Work item: Return, verbatim and in full, the records that follow, but not their pictures.

Given records:
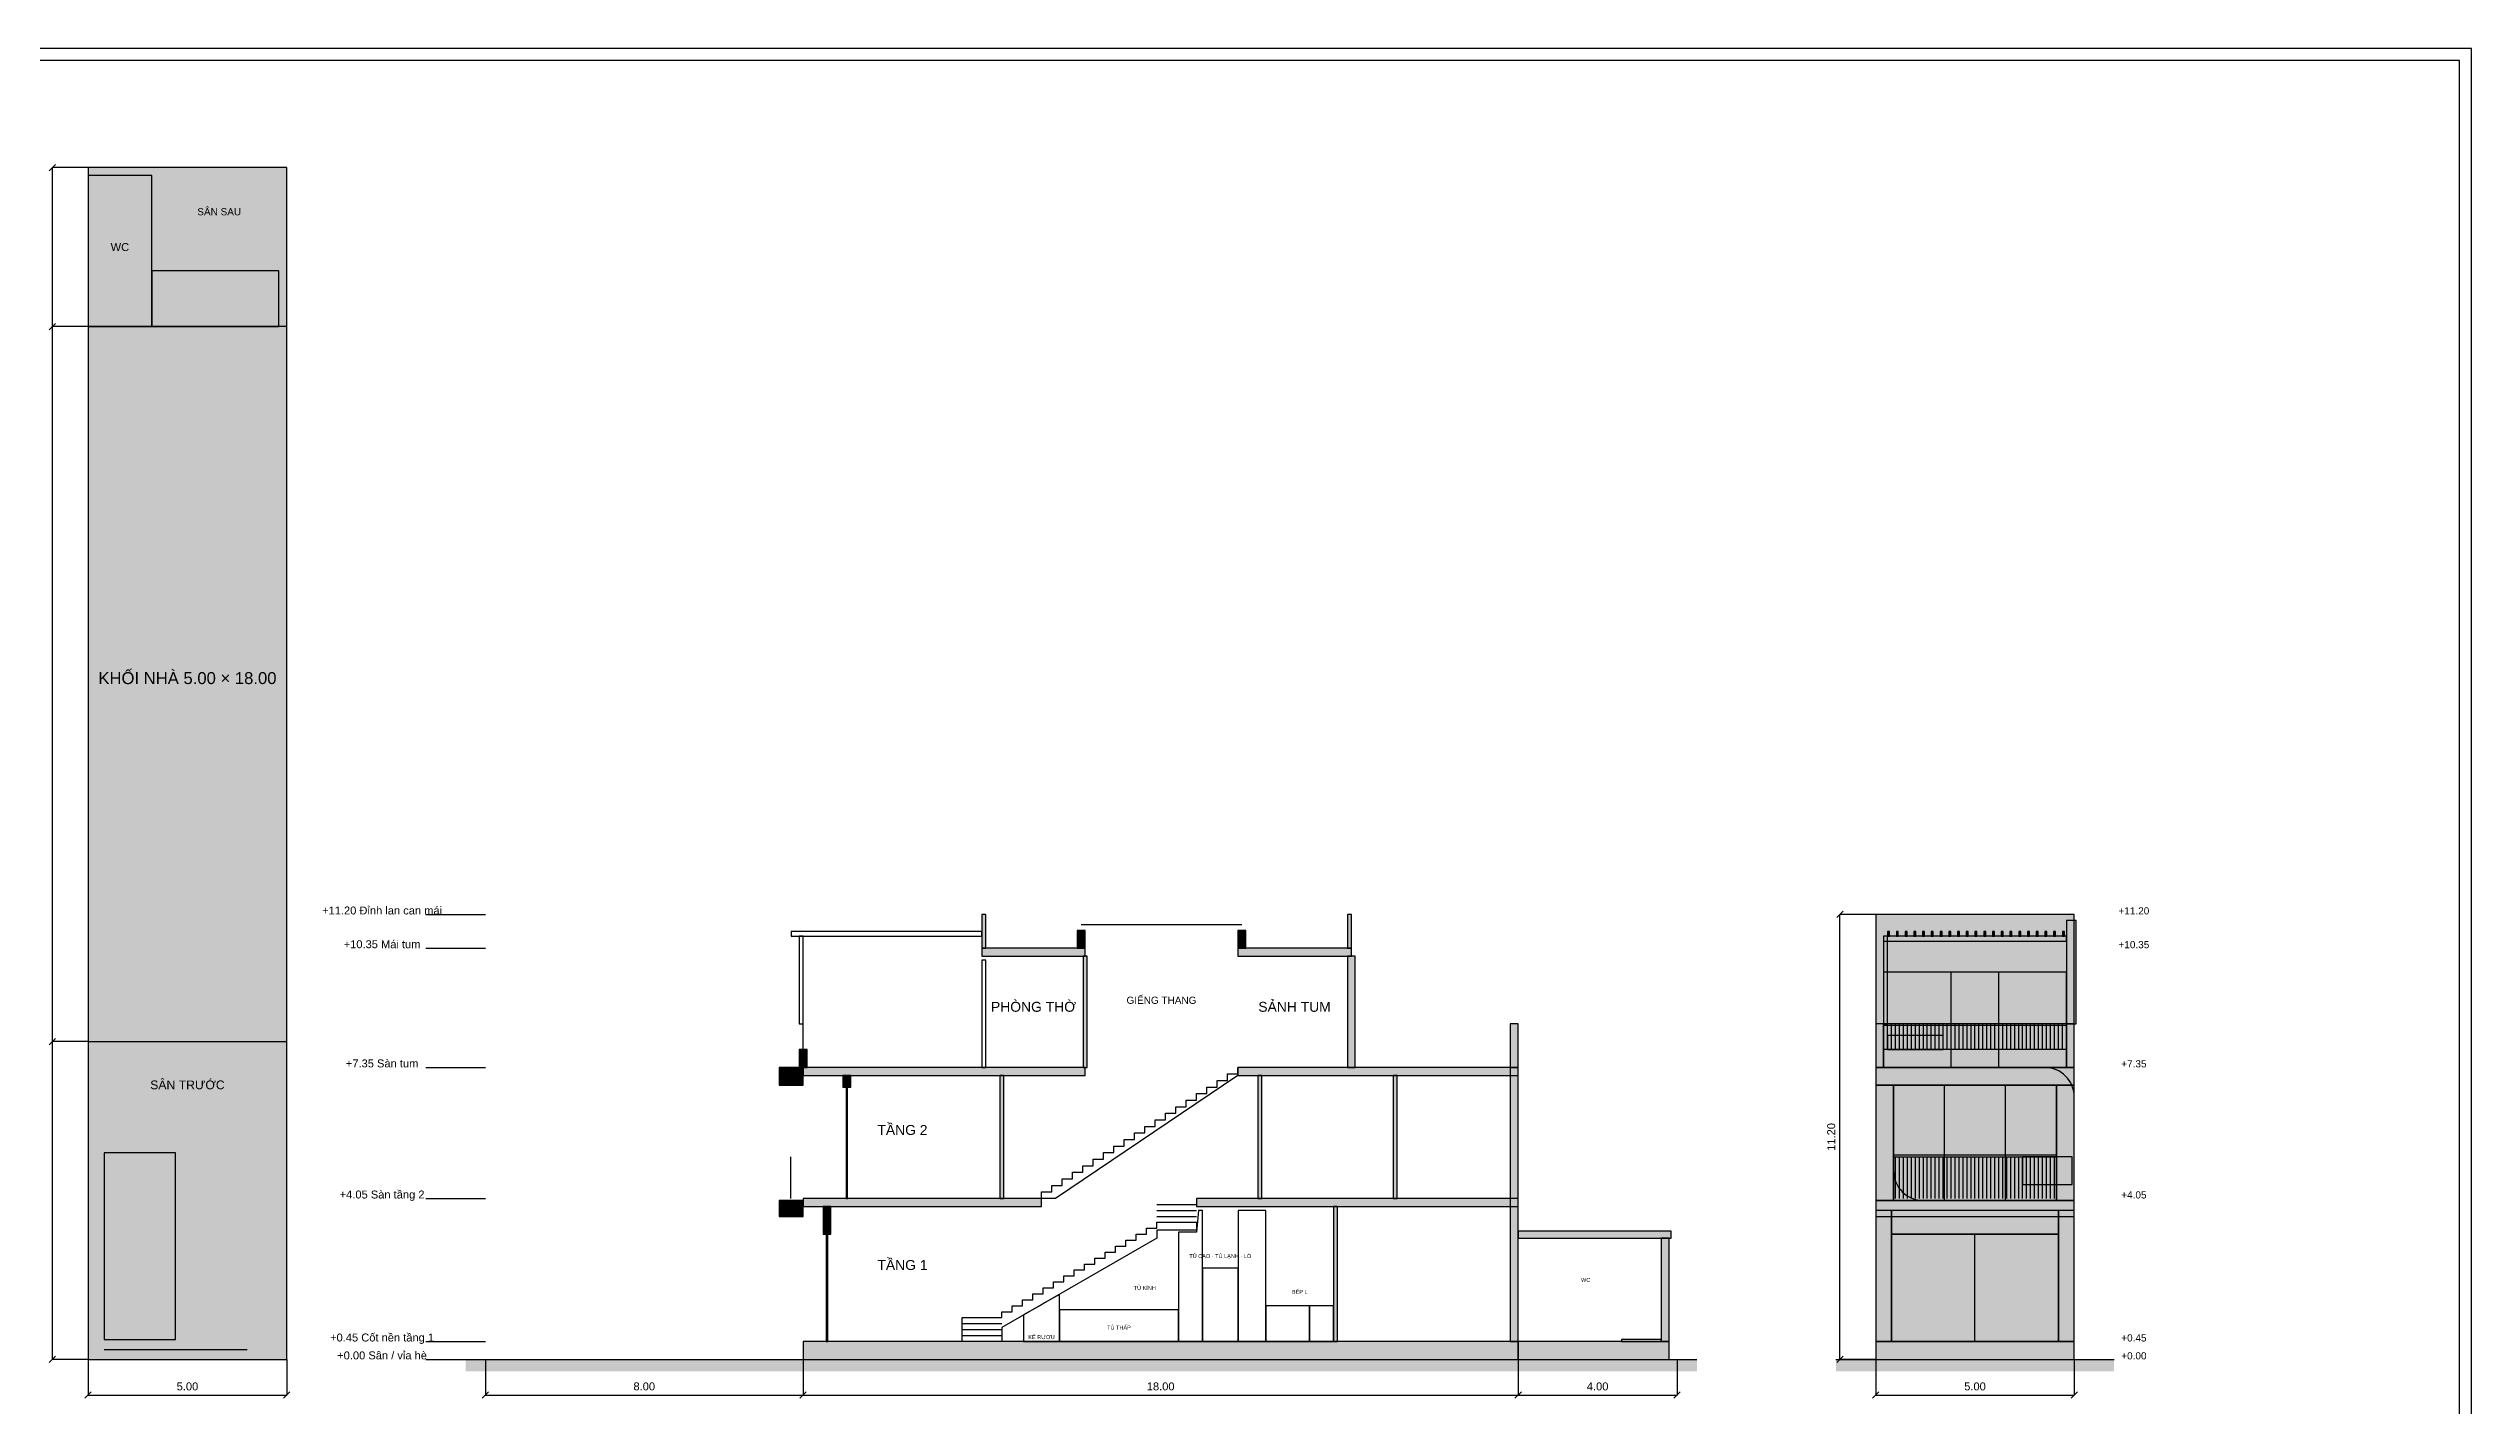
# Model space of a CAD drawing. Header units: millimetres. Extents: x -6000 to 90000, y -33000 to 33000.
# Drawn here: x 29001 to 90000, y -1162 to 33000 of the extents above; entities that cross this region are included whole.
import ezdxf
from ezdxf.enums import TextEntityAlignment as Align

# ---------------------------------------------------------------- set-up
doc = ezdxf.new("R2010")
doc.units = ezdxf.units.MM
for name, color, linetype in [('AXIS', 8, 'CONTINUOUS'), ('DIM', 3, 'CONTINUOUS'), ('FILL', 254, 'CONTINUOUS'), ('FRAME', 7, 'CONTINUOUS'), ('FURN', 8, 'CONTINUOUS'), ('GLASS', 5, 'CONTINUOUS'), ('SITE', 30, 'CONTINUOUS'), ('TEXT', 7, 'CONTINUOUS'), ('WALL', 7, 'CONTINUOUS')]:
    doc.layers.add(name, color=color, linetype=linetype)
doc.styles.get("Standard").update_dxf_attribs({"font": 'arial.ttf'})

msp = doc.modelspace()

# ---------------------------------------------------------------- linework, layer by layer
at = {"layer": 'AXIS'}
for p, q in [((34800, 27400), (31600, 27400)), ((31600, 27400), (31600, 26000)), ((34800, 26000), (34800, 27400)), ((31600, 26000), (34800, 26000)), ((38500, 11200), (40000, 11200)), ((38500, 10350), (40000, 10350)), ((38500, 7350), (40000, 7350)), ((38500, 4050), (40000, 4050)), ((56900, 3900), (57900, 3900)), ((56900, 3750), (57900, 3750)), ((56900, 3600), (57900, 3600)), ((52000, 900), (53000, 900)), ((52000, 750), (53000, 750)), ((38500, 450), (40000, 450)), ((38500, 0), (40000, 0)), ((52000, 600), (53000, 600))]:
    msp.add_line(p, q, dxfattribs=at)
at = {"layer": 'DIM'}
for p, q in [((29020, 29920), (29180, 30080)), ((29100, 26000), (29100, 30000)), ((30000, 30000), (29100, 30000)), ((29020, 25920), (29180, 26080)), ((29020, 25920), (29180, 26080)), ((29100, 8000), (29100, 26000)), ((30000, 26000), (29100, 26000)), ((30000, 26000), (29100, 26000)), ((74020, 11120), (74180, 11280)), ((74100, 0), (74100, 11200)), ((75000, 11200), (74100, 11200)), ((29020, 7920), (29180, 8080)), ((29020, 7920), (29180, 8080)), ((29100, 0), (29100, 8000)), ((30000, 8000), (29100, 8000)), ((30000, 8000), (29100, 8000)), ((29020, -80), (29180, 80)), ((30000, 0), (29100, 0)), ((30000, 0), (30000, -900)), ((35000, 0), (35000, -900)), ((40000, 0), (40000, -900)), ((48000, 0), (48000, -900)), ((48000, 0), (48000, -900)), ((66000, 0), (66000, -900)), ((66000, 0), (66000, -900)), ((70000, 0), (70000, -900)), ((74020, -80), (74180, 80)), ((75000, 0), (74100, 0)), ((75000, 0), (75000, -900)), ((80000, 0), (80000, -900)), ((29920, -980), (30080, -820)), ((30000, -900), (35000, -900)), ((34920, -980), (35080, -820)), ((39920, -980), (40080, -820)), ((40000, -900), (48000, -900)), ((47920, -980), (48080, -820)), ((47920, -980), (48080, -820)), ((48000, -900), (66000, -900)), ((65920, -980), (66080, -820)), ((65920, -980), (66080, -820)), ((66000, -900), (70000, -900)), ((69920, -980), (70080, -820)), ((74920, -980), (75080, -820)), ((75000, -900), (80000, -900)), ((79920, -980), (80080, -820))]:
    msp.add_line(p, q, dxfattribs=at)
at = {"layer": 'FILL', "color": 91}
for points in [[(30000, 26000), (35000, 26000), (30000, 30000), (35000, 30000)], [(30000, 0), (35000, 0), (30000, 8000), (35000, 8000)]]:
    msp.add_solid(points, dxfattribs=at)
at = {"layer": 'FILL', "color": 131}
msp.add_solid([(30000, 26000), (31600, 26000), (30000, 29800), (31600, 29800)], dxfattribs=at)
at = {"layer": 'FILL', "color": 254}
for points in [[(30000, 8000), (35000, 8000), (30000, 26000), (35000, 26000)], [(75000, 7350), (80000, 7350), (75000, 11200), (80000, 11200)], [(75000, 7350), (75200, 7350), (75000, 8450), (75200, 8450)], [(79800, 7350), (80000, 7350), (79800, 8450), (80000, 8450)], [(75000, 6900), (80000, 6900), (75000, 7350), (80000, 7350)], [(75200, 7350), (79800, 7350), (75200, 7800), (79800, 7800)], [(75000, 4000), (75450, 4000), (75000, 6900), (75450, 6900)], [(79550, 4000), (80000, 4000), (79550, 6900), (80000, 6900)], [(75000, 3600), (80000, 3600), (75000, 4000), (80000, 4000)], [(75000, 450), (75400, 450), (75000, 3750), (75400, 3750)], [(79600, 450), (80000, 450), (79600, 3750), (80000, 3750)]]:
    msp.add_solid(points, dxfattribs=at)
at = {"layer": 'FILL', "color": 250}
for points in [[(52500, 10350), (52600, 10350), (52500, 11200), (52600, 11200)], [(61700, 10350), (61800, 10350), (61700, 11200), (61800, 11200)], [(54900, 10350), (55100, 10350), (54900, 10800), (55100, 10800)], [(58940, 10350), (59140, 10350), (58940, 10800), (59140, 10800)], [(75200, 8450), (75300, 8450), (75200, 10650), (75300, 10650)], [(75200, 10530), (79800, 10530), (75200, 10650), (79800, 10650)], [(75300, 10650), (75350, 10650), (75300, 10770), (75350, 10770)], [(75520, 10650), (75570, 10650), (75520, 10770), (75570, 10770)], [(75740, 10650), (75790, 10650), (75740, 10770), (75790, 10770)], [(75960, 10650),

Solution to this task:
# Model space of a CAD drawing. Header units: millimetres. Extents: x -6000 to 90000, y -33000 to 33000.
# Drawn here: x 29001 to 90000, y -1162 to 33000 of the extents above; entities that cross this region are included whole.
import ezdxf
from ezdxf.enums import TextEntityAlignment as Align

# ---------------------------------------------------------------- set-up
doc = ezdxf.new("R2010")
doc.units = ezdxf.units.MM
for name, color, linetype in [('AXIS', 8, 'CONTINUOUS'), ('DIM', 3, 'CONTINUOUS'), ('FILL', 254, 'CONTINUOUS'), ('FRAME', 7, 'CONTINUOUS'), ('FURN', 8, 'CONTINUOUS'), ('GLASS', 5, 'CONTINUOUS'), ('SITE', 30, 'CONTINUOUS'), ('TEXT', 7, 'CONTINUOUS'), ('WALL', 7, 'CONTINUOUS')]:
    doc.layers.add(name, color=color, linetype=linetype)
doc.styles.get("Standard").update_dxf_attribs({"font": 'arial.ttf'})

msp = doc.modelspace()

# ---------------------------------------------------------------- linework, layer by layer
at = {"layer": 'AXIS'}
for p, q in [((34800, 27400), (31600, 27400)), ((31600, 27400), (31600, 26000)), ((34800, 26000), (34800, 27400)), ((31600, 26000), (34800, 26000)), ((38500, 11200), (40000, 11200)), ((38500, 10350), (40000, 10350)), ((38500, 7350), (40000, 7350)), ((38500, 4050), (40000, 4050)), ((56900, 3900), (57900, 3900)), ((56900, 3750), (57900, 3750)), ((56900, 3600), (57900, 3600)), ((52000, 900), (53000, 900)), ((52000, 750), (53000, 750)), ((38500, 450), (40000, 450)), ((38500, 0), (40000, 0)), ((52000, 600), (53000, 600))]:
    msp.add_line(p, q, dxfattribs=at)
at = {"layer": 'DIM'}
for p, q in [((29020, 29920), (29180, 30080)), ((29100, 26000), (29100, 30000)), ((30000, 30000), (29100, 30000)), ((29020, 25920), (29180, 26080)), ((29020, 25920), (29180, 26080)), ((29100, 8000), (29100, 26000)), ((30000, 26000), (29100, 26000)), ((30000, 26000), (29100, 26000)), ((74020, 11120), (74180, 11280)), ((74100, 0), (74100, 11200)), ((75000, 11200), (74100, 11200)), ((29020, 7920), (29180, 8080)), ((29020, 7920), (29180, 8080)), ((29100, 0), (29100, 8000)), ((30000, 8000), (29100, 8000)), ((30000, 8000), (29100, 8000)), ((29020, -80), (29180, 80)), ((30000, 0), (29100, 0)), ((30000, 0), (30000, -900)), ((35000, 0), (35000, -900)), ((40000, 0), (40000, -900)), ((48000, 0), (48000, -900)), ((48000, 0), (48000, -900)), ((66000, 0), (66000, -900)), ((66000, 0), (66000, -900)), ((70000, 0), (70000, -900)), ((74020, -80), (74180, 80)), ((75000, 0), (74100, 0)), ((75000, 0), (75000, -900)), ((80000, 0), (80000, -900)), ((29920, -980), (30080, -820)), ((30000, -900), (35000, -900)), ((34920, -980), (35080, -820)), ((39920, -980), (40080, -820)), ((40000, -900), (48000, -900)), ((47920, -980), (48080, -820)), ((47920, -980), (48080, -820)), ((48000, -900), (66000, -900)), ((65920, -980), (66080, -820)), ((65920, -980), (66080, -820)), ((66000, -900), (70000, -900)), ((69920, -980), (70080, -820)), ((74920, -980), (75080, -820)), ((75000, -900), (80000, -900)), ((79920, -980), (80080, -820))]:
    msp.add_line(p, q, dxfattribs=at)
at = {"layer": 'FILL', "color": 91}
for points in [[(30000, 26000), (35000, 26000), (30000, 30000), (35000, 30000)], [(30000, 0), (35000, 0), (30000, 8000), (35000, 8000)]]:
    msp.add_solid(points, dxfattribs=at)
at = {"layer": 'FILL', "color": 131}
msp.add_solid([(30000, 26000), (31600, 26000), (30000, 29800), (31600, 29800)], dxfattribs=at)
at = {"layer": 'FILL', "color": 254}
for points in [[(30000, 8000), (35000, 8000), (30000, 26000), (35000, 26000)], [(75000, 7350), (80000, 7350), (75000, 11200), (80000, 11200)], [(75000, 7350), (75200, 7350), (75000, 8450), (75200, 8450)], [(79800, 7350), (80000, 7350), (79800, 8450), (80000, 8450)], [(75000, 6900), (80000, 6900), (75000, 7350), (80000, 7350)], [(75200, 7350), (79800, 7350), (75200, 7800), (79800, 7800)], [(75000, 4000), (75450, 4000), (75000, 6900), (75450, 6900)], [(79550, 4000), (80000, 4000), (79550, 6900), (80000, 6900)], [(75000, 3600), (80000, 3600), (75000, 4000), (80000, 4000)], [(75000, 450), (75400, 450), (75000, 3750), (75400, 3750)], [(79600, 450), (80000, 450), (79600, 3750), (80000, 3750)]]:
    msp.add_solid(points, dxfattribs=at)
at = {"layer": 'FILL', "color": 250}
for points in [[(52500, 10350), (52600, 10350), (52500, 11200), (52600, 11200)], [(61700, 10350), (61800, 10350), (61700, 11200), (61800, 11200)], [(54900, 10350), (55100, 10350), (54900, 10800), (55100, 10800)], [(58940, 10350), (59140, 10350), (58940, 10800), (59140, 10800)], [(75200, 8450), (75300, 8450), (75200, 10650), (75300, 10650)], [(75200, 10530), (79800, 10530), (75200, 10650), (79800, 10650)], [(75300, 10650), (75350, 10650), (75300, 10770), (75350, 10770)], [(75520, 10650), (75570, 10650), (75520, 10770), (75570, 10770)], [(75740, 10650), (75790, 10650), (75740, 10770), (75790, 10770)], [(75960, 10650),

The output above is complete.